About this task: Scan the entries below and return each line that contains "Scope".

Data excerpts

===============

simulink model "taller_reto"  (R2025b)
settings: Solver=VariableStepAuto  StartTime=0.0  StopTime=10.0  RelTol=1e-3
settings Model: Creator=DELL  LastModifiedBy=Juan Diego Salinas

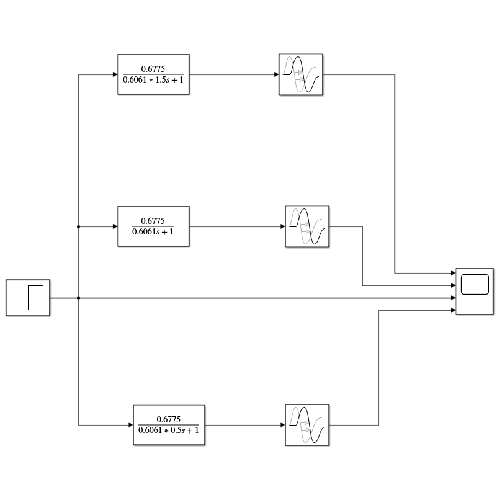
[thumbnail: Simulink's stored preview of the top-level diagram]
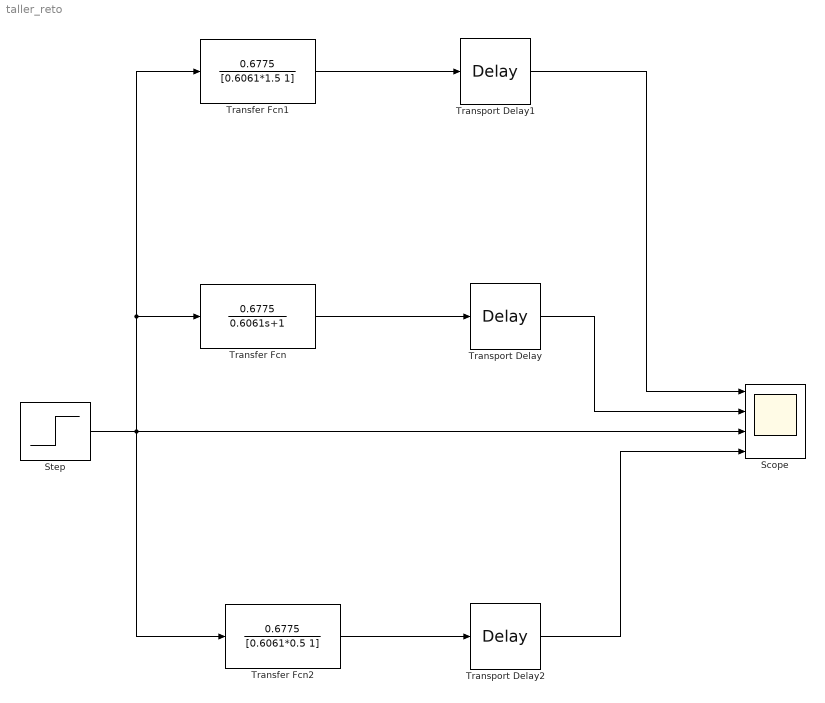
== system taller_reto ==
  Scope : Scope  NumInputPorts=4
      settings: ActiveDisplayYMinimum=-0.18749999999999994  ActiveDisplayYMaximum=1.6875
  Step : Step  After=1.5  SampleTime=0
  Transfer Fcn : TransferFcn  Numerator=[0.6775]  Denominator=[0.6061 1]
  Transfer Fcn1 : TransferFcn  Numerator=[0.6775]  Denominator=[0.6061*1.5 1]
  Transfer Fcn2 : TransferFcn  Numerator=[0.6775]  Denominator=[0.6061*0.5 1]
  Transport Delay : TransportDelay  DelayTime=0.1
  Transport Delay1 : TransportDelay  DelayTime=0.1
  Transport Delay2 : TransportDelay  DelayTime=0.1
  wires:
  Transfer Fcn/1 -> Transport Delay/1
  Transport Delay1/1 -> Scope/1
  Transfer Fcn1/1 -> Transport Delay1/1
  Transport Delay2/1 -> Scope/4
  Step/1 -> Transfer Fcn2/1, Transfer Fcn1/1, Transfer Fcn/1, Scope/3
  Transfer Fcn2/1 -> Transport Delay2/1
  Transport Delay/1 -> Scope/2

===============

The completed task:
  Scope : Scope  NumInputPorts=4
  Transport Delay1/1 -> Scope/1
  Transport Delay2/1 -> Scope/4
  Step/1 -> Transfer Fcn2/1, Transfer Fcn1/1, Transfer Fcn/1, Scope/3
  Transport Delay/1 -> Scope/2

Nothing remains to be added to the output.